Au milieu de ces étonnements et de ces merveilles, la chaloupe voguait paisiblement au souffle d'un vent modéré que les grands albatros activaient parfois de leurs vastes ailes.
Vers le soir, Hatteras et ses compagnons perdirent de vue la côte de la Nouvelle-Amérique. Les heures de la nuit sonnaient pour les zones tempérées comme pour les zones équinoxiales; mais ici, le soleil, élargissant ses spirales, traçait un cercle rigoureusement parallèle à celui de l'Océan. La chaloupe, baignée dans ses rayons obliques, ne pouvait quitter ce centre lumineux qui se déplaçait avec elle.
Les êtres animés des régions hyperboréennes sentirent pourtant venir le soir, comme si l'astre radieux se fût dérobé derrière l'horizon. Les oiseaux, les poissons, les cétacés disparurent. Où? Au plus profond du ciel? Au plus profond de la mer? Qui l'eût pu dire?
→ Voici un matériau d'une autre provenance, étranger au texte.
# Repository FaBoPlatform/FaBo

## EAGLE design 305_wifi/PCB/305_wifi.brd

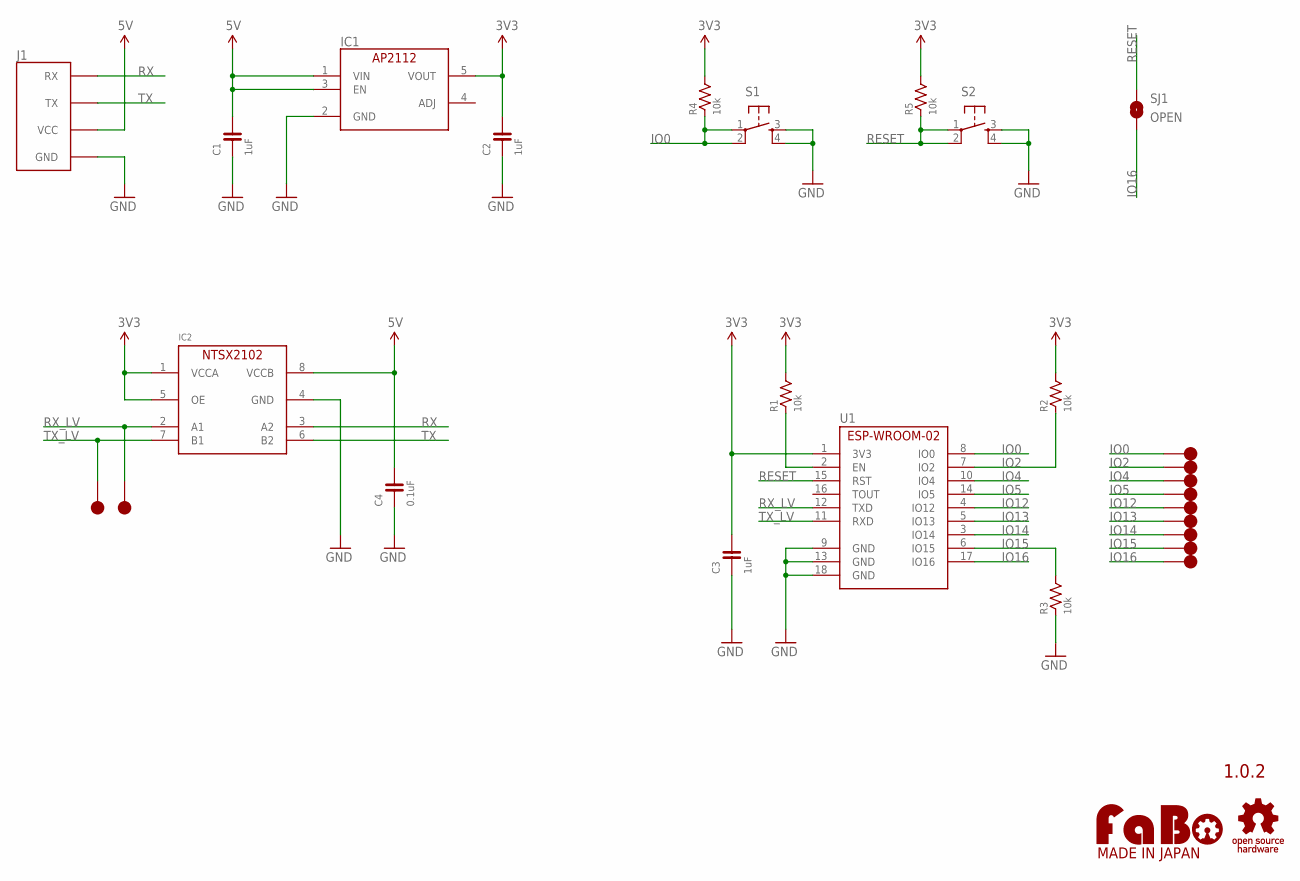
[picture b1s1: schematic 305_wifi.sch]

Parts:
C1, C2, C3: 1uF; 0603
C4: 0.1uF; 0603
IC1: AP2112K-3.3TRG1; SOT-23-5
IC2: NTSX2102GU8H; SOT1309-1
J1: FABO_BRICK_SERIAL-2_HOLE; FABO_BRICK_SERIAL_2HOLE
R1, R2, R3, R4, R5: 10k; 0603
S1, S2: TACT-SWITCH-SMD_KMR2; KMR2
SJ1: OPEN; SMD-JUMPER-2-OPEN
TP1, TP2, TP3, TP4, TP5, TP6, TP7, TP8, TP9, TP10, TP11: TP-15
U1: ES-ESPWROOM02
U$1: LOGO_OSHW-M_BOTTOM; LOGO_OSHW_M_BOTTOM
U$3: LOGO_FABO-M_BOTTOM; LOGO_FABO_MS_BOTTOM

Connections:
3V3: C2.2, C3.2, IC1.5 (VOUT), IC2.1 (VCCA), IC2.5 (OE), R1.2, R2.2, R4.2, R5.2, U1.1 (3V3)
5V: C1.2, C4.2, IC1.1 (VIN), IC1.3 (EN), IC2.8 (VCCB), J1.VCC
EN: R1.1, U1.2 (EN)
GND: C1.1, C2.1, C3.1, C4.1, IC1.2 (GND), IC2.4 (GND), J1.GND, R3.1, S1.3, S1.4, S2.3, S2.4, U1.9 (GND), U1.13 (GND), U1.18 (GND)
IO0: R4.1, S1.1, S1.2, TP1.1, U1.8 (IO0)
IO2: R2.1, TP2.1, U1.7 (IO2)
IO4: TP3.1, U1.10 (IO4)
IO5: TP4.1, U1.14 (IO5)
IO12: TP5.1, U1.4 (IO12)
IO13: TP6.1, U1.5 (IO13)
IO14: TP7.1, U1.3 (IO14)
IO15: R3.2, TP8.1, U1.6 (IO15)
IO16: SJ1.2, TP9.1, U1.17 (IO16)
RESET: R5.1, S2.1, S2.2, SJ1.1, U1.15 (RST)
RX: IC2.3 (A2), J1.RX
RX_LV: IC2.2 (A1), TP10.1, U1.12 (TXD)
TX: IC2.6 (B2), J1.TX
TX_LV: IC2.7 (B1), TP11.1, U1.11 (RXD)

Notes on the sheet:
1.0.2

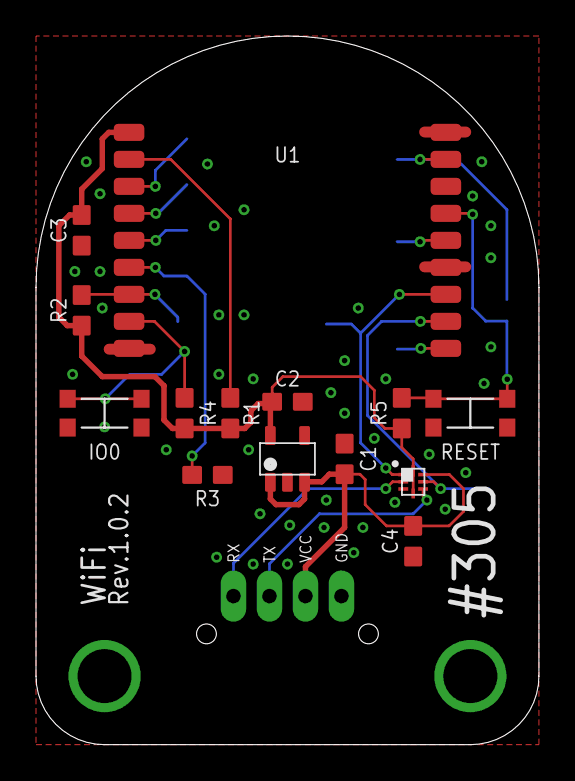
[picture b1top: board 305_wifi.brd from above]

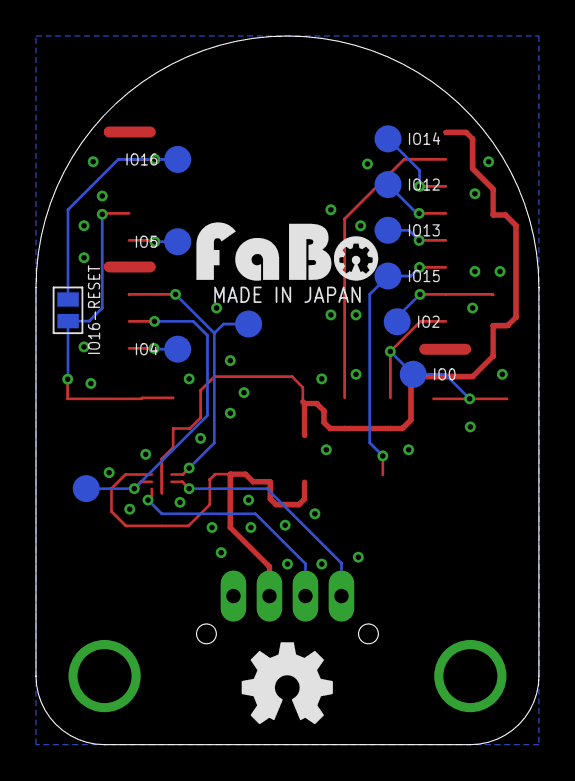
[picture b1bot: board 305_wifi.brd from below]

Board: 2 copper layers, 27.9 x 39.4 mm, 29 parts (12 on the bottom side), 18 nets.

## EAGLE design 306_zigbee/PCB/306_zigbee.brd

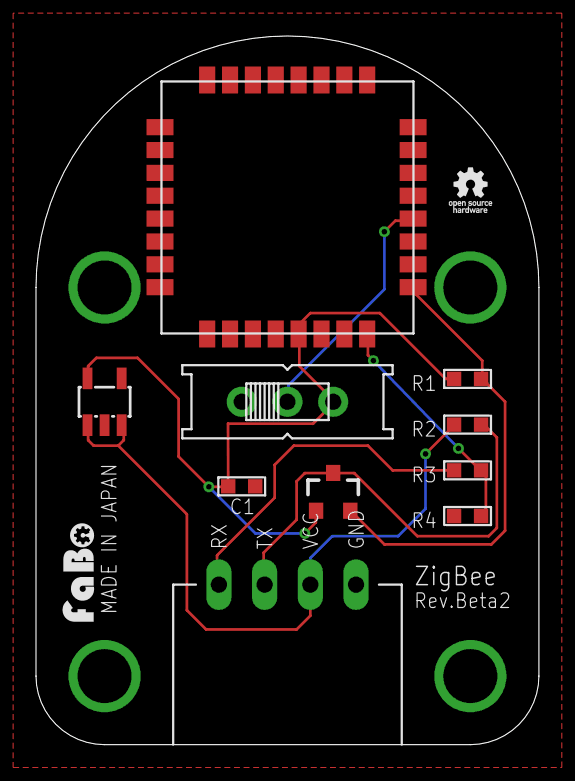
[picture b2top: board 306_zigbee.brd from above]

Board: 2 copper layers, 27.9 x 39.4 mm, 12 parts (0 on the bottom side), 8 nets.

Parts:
BSS138: SOT23-3
C1: 1uf; 0603
LP2985: SOT23-DBV
R1, R2, R3, R4: 10K; 0603
S4: SERIAL_PWR; EG1218
U$2: BRICK_SERIAL
U$3: TOCOS-TWE001L
U$4: LOGO_FABO_S
U$5: LOGO_OSHW_T_S

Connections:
+3V3: BSS138.1, C1.2, LP2985.5, R1.2, S4.S, U$3.5
+5V: LP2985.1, LP2985.3, R2.2, U$2.VCC
GND: C1.1, LP2985.2, R4.1, S4.O, U$2.GND, U$3.19, U$3.20, U$3.28, U$3.30, U$3.31, U$3.32
MODE: S4.P, U$3.12
RX_HV: R3.2, U$2.RX
RX_LV: R3.1, R4.2, U$3.8
TX_HV: BSS138.3, R2.1, U$2.TX
TX_LV: BSS138.2, R1.1, U$3.9

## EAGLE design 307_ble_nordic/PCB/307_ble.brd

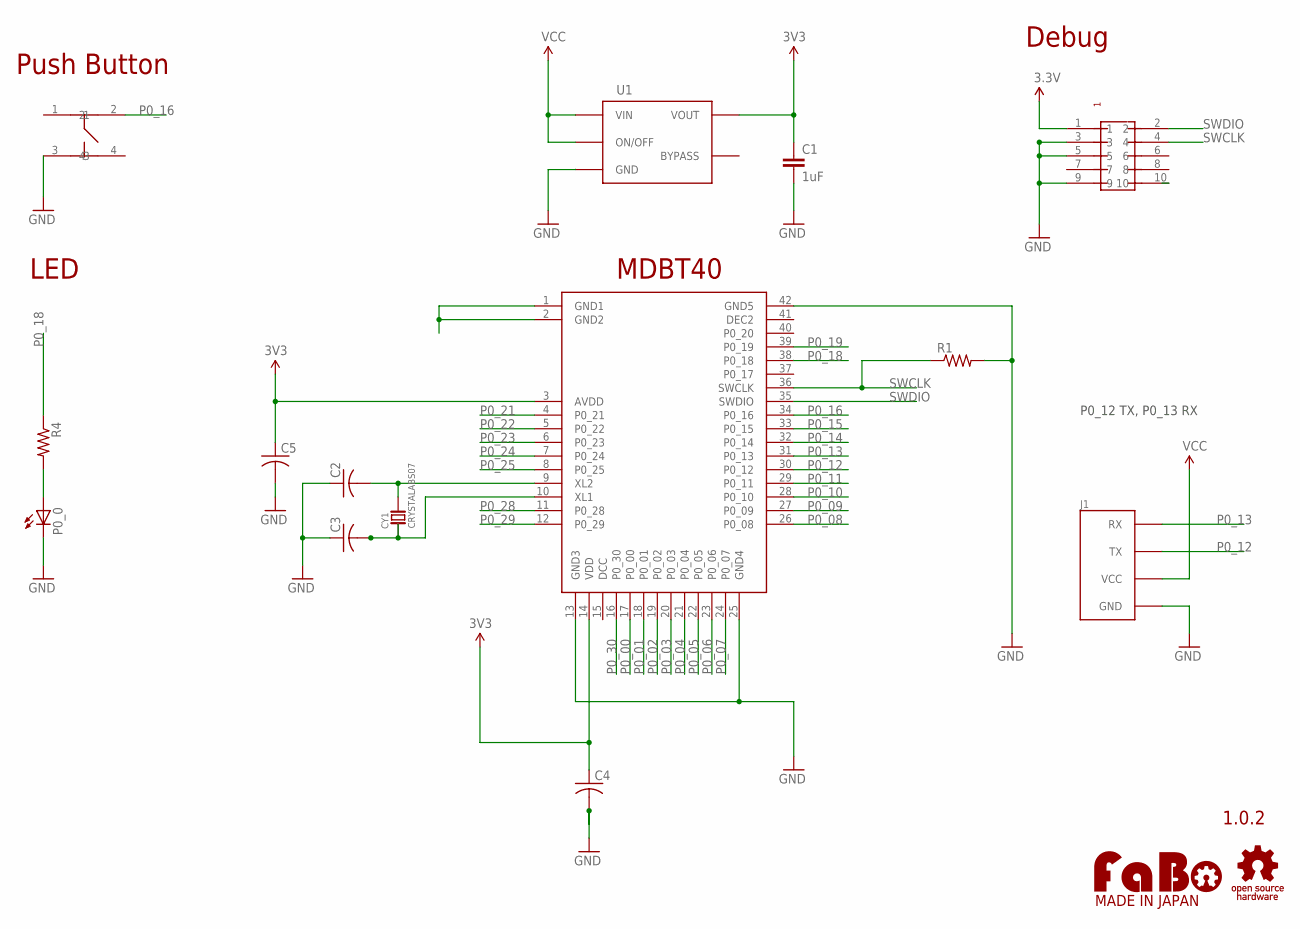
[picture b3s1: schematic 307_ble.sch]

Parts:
C1: 1uF; EIA0603
C2, C3, C4, C5: C-USC0603; C0603
CY1: CRYSTALABS07; ABRACOM-ABS07-32.768KHZ
J1: FABO_BRICK_SERIAL
P0_0: LEDCHIP-LED0603; CHIP-LED0603
R1, R4: R-US_R0603; R0603
U1: LP2985-33DBVR; SOT_23_5
U$2: LOGO_OSHW-T_M_BOTTOM; LOGO_OSHW_T_M_BOTTOM
U$3: LOGO_FABO-M_BOTTOM; LOGO_FABO_M_BOTTOM
U$6: SWICTH-4P(KMR2); SWITCH-4P(KMR2)
U$7: RAYTAC-MDBT40
U$8: PIN-HEADER-SMT(1.27MM)2X5

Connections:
3.3V: U$8.1
3V3: C1.1, C4.1, C5.1, U1.5 (VOUT), U$7.3 (AVDD), U$7.14 (VDD)
GND: C1.2, C2.1, C3.1, C4.2, C5.2, J1.GND, P0_0.C, R1.2, U1.2 (GND), U$6.3, U$7.13 (GND3), U$7.25 (GND4), U$7.42 (GND5), U$8.3, U$8.5, U$8.9
unnamed: P0_0.A, R4.2
unnamed: C2.2, CY1.P$2, U$7.9 (XL2)
unnamed: C3.2, CY1.P$1, U$7.10 (XL1)
unnamed: U$7.1 (GND1), U$7.2 (GND2)
P0_00: U$7.17 (P0_00)
P0_01: U$7.18 (P0_01)
P0_02: U$7.19 (P0_02)
P0_03: U$7.20 (P0_03)
P0_04: U$7.21 (P0_04)
P0_05: U$7.22 (P0_05)
P0_06: U$7.23 (P0_06)
P0_07: U$7.24 (P0_07)
P0_08: U$7.26 (P0_08)
P0_09: U$7.27 (P0_09)
P0_10: U$7.28 (P0_10)
P0_11: U$7.29 (P0_11)
P0_12: J1.TX, U$7.30 (P0_12)
P0_13: J1.RX, U$7.31 (P0_13)
P0_14: U$7.32 (P0_14)
P0_15: U$7.33 (P0_15)
P0_16: U$6.2, U$7.34 (P0_16)
P0_18: R4.1, U$7.38 (P0_18)
P0_19: U$7.39 (P0_19)
P0_21: U$7.4 (P0_21)
P0_22: U$7.5 (P0_22)
P0_23: U$7.6 (P0_23)
P0_24: U$7.7 (P0_24)
P0_25: U$7.8 (P0_25)
P0_28: U$7.11 (P0_28)
P0_29: U$7.12 (P0_29)
P0_30: U$7.16 (P0_30)
RESET: U$8.10
SWCLK: R1.1, U$7.36 (SWCLK), U$8.4
SWDIO: U$7.35 (SWDIO), U$8.2
VCC: J1.VCC, U1.1 (VIN), U1.3 (ON/OFF)

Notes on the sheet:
1.0.2
Push Button
MDBT40
LED
Debug
P0_12 TX, P0_13 RX

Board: 2 copper layers, 16 parts (0 on the bottom side), 13 nets, no tracks yet.

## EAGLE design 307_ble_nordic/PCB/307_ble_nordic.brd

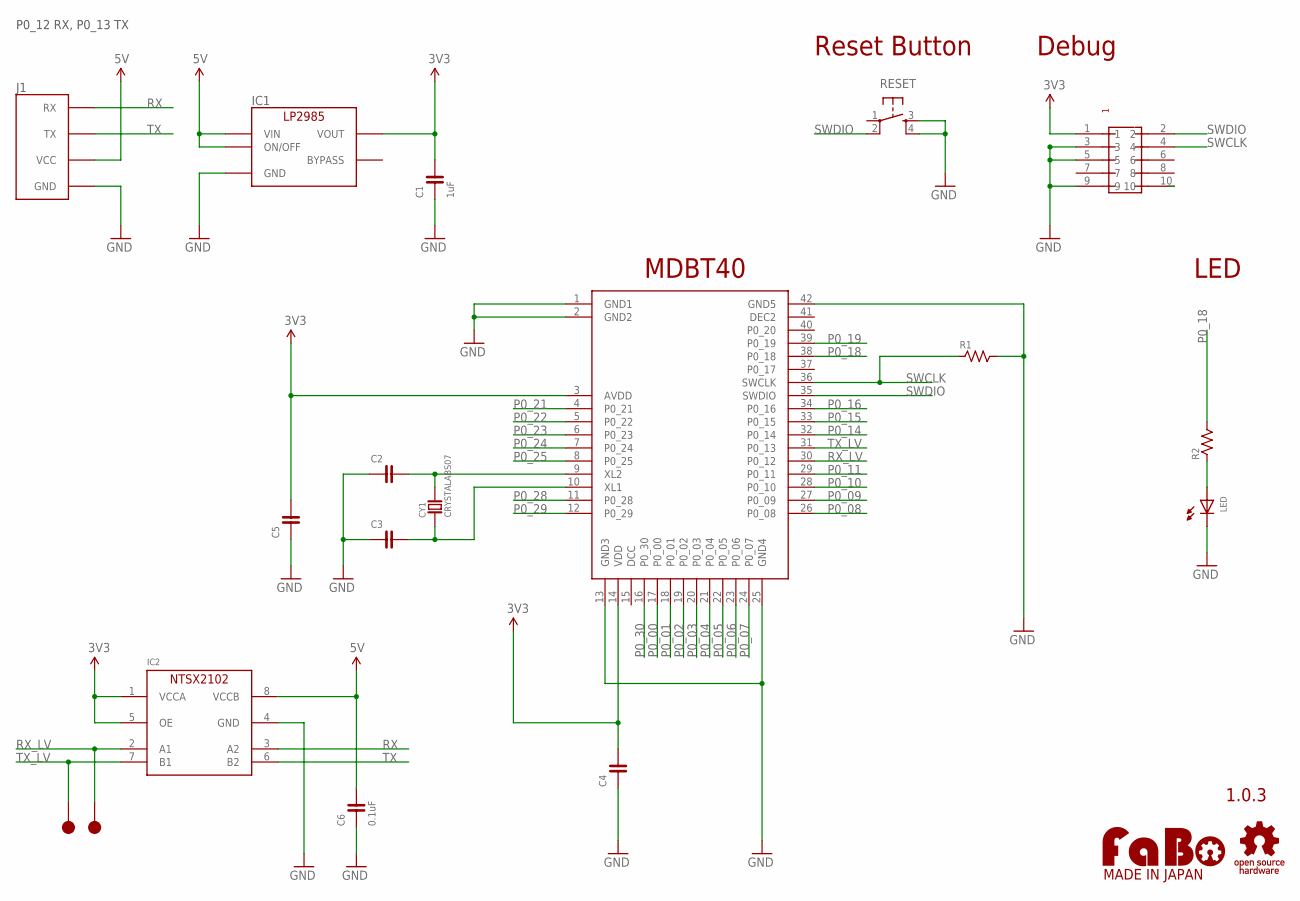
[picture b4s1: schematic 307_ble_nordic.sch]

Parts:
C1: 1uF; 0603
C2, C3: CAPACITOR-0603_NARROW; 0603-NARROW
C4, C5: CAPACITOR-0603; 0603
C6: 0.1uF; 0603
CY1: CRYSTALABS07; ABRACOM-ABS07-32.768KHZ
IC1: LP2985-33DBV; SOT-23-5
IC2: NTSX2102GU8H; SOT1309-1
J1: FABO_BRICK_SERIAL
LED: LED-0603; 0603
R1, R2: RESISTOR-0603; 0603
RESET: TACT-SWITCH-SMD_KMR2; KMR2
TP10, TP11: TP-15
U$2: LOGO_OSHW-M_BOTTOM; LOGO_OSHW_M_BOTTOM
U$3: LOGO_FABO-M_BOTTOM; LOGO_FABO_MS_BOTTOM
U$7: RAYTAC-MDBT40
U$8: PIN-HEADER-SMT(1.27MM)2X5

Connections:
3V3: C1.2, C4.2, C5.2, IC1.5 (VOUT), IC2.1 (VCCA), IC2.5 (OE), U$7.3 (AVDD), U$7.14 (VDD), U$8.1
5V: C6.2, IC1.1 (VIN), IC1.3 (ON/OFF), IC2.8 (VCCB), J1.VCC
GND: C1.1, C2.1, C3.1, C4.1, C5.1, C6.1, IC1.2 (GND), IC2.4 (GND), J1.GND, LED.CATHODE, R1.2, RESET.3, RESET.4, U$7.1 (GND1), U$7.2 (GND2), U$7.13 (GND3), U$7.25 (GND4), U$7.42 (GND5), U$8.3, U$8.5, U$8.9
unnamed: LED.ANODE, R2.1
unnamed: C2.2, CY1.P$2, U$7.9 (XL2)
unnamed: C3.2, CY1.P$1, U$7.10 (XL1)
P0_00: U$7.17 (P0_00)
P0_01: U$7.18 (P0_01)
P0_02: U$7.19 (P0_02)
P0_03: U$7.20 (P0_03)
P0_04: U$7.21 (P0_04)
P0_05: U$7.22 (P0_05)
P0_06: U$7.23 (P0_06)
P0_07: U$7.24 (P0_07)
P0_08: U$7.26 (P0_08)
P0_09: U$7.27 (P0_09)
P0_10: U$7.28 (P0_10)
P0_11: U$7.29 (P0_11)
P0_14: U$7.32 (P0_14)
P0_15: U$7.33 (P0_15)
P0_16: U$7.34 (P0_16)
P0_18: R2.2, U$7.38 (P0_18)
P0_19: U$7.39 (P0_19)
P0_21: U$7.4 (P0_21)
P0_22: U$7.5 (P0_22)
P0_23: U$7.6 (P0_23)
P0_24: U$7.7 (P0_24)
P0_25: U$7.8 (P0_25)
P0_28: U$7.11 (P0_28)
P0_29: U$7.12 (P0_29)
P0_30: U$7.16 (P0_30)
RESET: U$8.10
RX: IC2.3 (A2), J1.RX
RX_LV: IC2.2 (A1), TP10.1, U$7.30 (P0_12)
SWCLK: R1.1, U$7.36 (SWCLK), U$8.4
SWDIO: RESET.2, U$7.35 (SWDIO), U$8.2
TX: IC2.6 (B2), J1.TX
TX_LV: IC2.7 (B1), TP11.1, U$7.31 (P0_13)

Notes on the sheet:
1.0.3
Reset Button
MDBT40
LED
Debug
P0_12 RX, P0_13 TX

Mais, à leurs cris, à leurs sifflements, au frémissement des vagues agitées par la respiration des monstres marins, succéda bientôt la silencieuse immobilité; les flots s'endormirent dans une insensible ondulation, et la nuit reprit sa paisible influence sous les regards étincelants du soleil.
Depuis le départ d'Altamont-Harbour, la chaloupe avait gagné un degré dans le nord; le lendemain, rien ne paraissait encore à l'horizon, ni ces hauts pics qui signalent de loin les terres, ni ces signes particuliers auxquels un marin pressent l'approche des îles ou des continents.
Le vent tenait bon sans être fort; la mer était peu houleuse; le cortège des oiseaux et des poissons revint aussi nombreux que la veille; le docteur, penché sur les flots, put voir les cétacés quitter leur profonde retraite et monter peu à peu à la surface de la mer; quelques icebergs, et çà et là des glaçons épars, rompaient seuls l'immense monotonie de l'Océan.
Mais, en somme, les glaces étaient rares, et elles n'auraient pu gêner la marche d'un navire. Il faut remarquer que la chaloupe se trouvait alors à dix degrés au-dessus du pôle du froid, et, au point de vue des parallèles de température, c'est comme si elle eût été à dix degrés au-dessous. Rien d'étonnant, dès lors, que la mer fût libre à cette époque, comme elle le devait être par le travers de la baie de Disko, dans la mer de Baffin. Ainsi donc, un bâtiment aurait eu là ses coudées franches pendant les mois d'été.
Cette observation a une grande importance pratique; en effet, si jamais les baleiniers peuvent s'élever dans le bassin polaire, soit par les mers du nord de l'Amérique, soit par les mers du nord de l'Asie, ils sont assurés d'y faire rapidement leur cargaison, car cette partie de l'Océan paraît être le vivier universel, le réservoir général des baleines, des phoques et de tous les animaux marins.
A midi, la ligne d'eau se confondait encore avec la ligne du ciel; le docteur commençait à douter de l'existence d'un continent sous ces latitudes élevées.
Cependant, en réfléchissant, il était forcément conduit à croire à l'existence d'un continent boréal; en effet, aux premiers jours du monde, après le refroidissement de la croûte terrestre, les eaux, formées par la condensation des vapeurs atmosphériques, durent obéir à la force centrifuge, s'élancer vers les zones équatoriales et abandonner les extrémités immobiles du globe. De à l'émersion nécessaire des contrées voisines du pôle, Le docteur trouvait ce raisonnement fort juste.
Et il semblait tel à Hatteras.
Aussi les regards du capitaine essayaient de percer les brumes de l'horizon. Sa lunette ne quittait pas ses yeux. Il cherchait dans la couleur des eaux, dans la forme des vagues, dans le souffle du vent, les indices l'une terre prochaine. Son front se penchait en avant, et qui n'eût pas connu ses pensées l'eût admiré, cependant, tant il y avait dans son attitude d'énergiques désirs et d'anxieuses interrogations.
CHAPITRE XXII
LES APPROCHES DU PÔLE
Le temps s'écoulait au milieu de cette incertitude. Rien ne se montrait à cette circonférence si nettement arrêtée. Pas un point qui ne fût ciel ou mer. Pas même à la surface des flots, un brin de ces herbes terrestres qui firent tressaillir le coeur de Christophe Colomb marchant à la découverte de l'Amérique.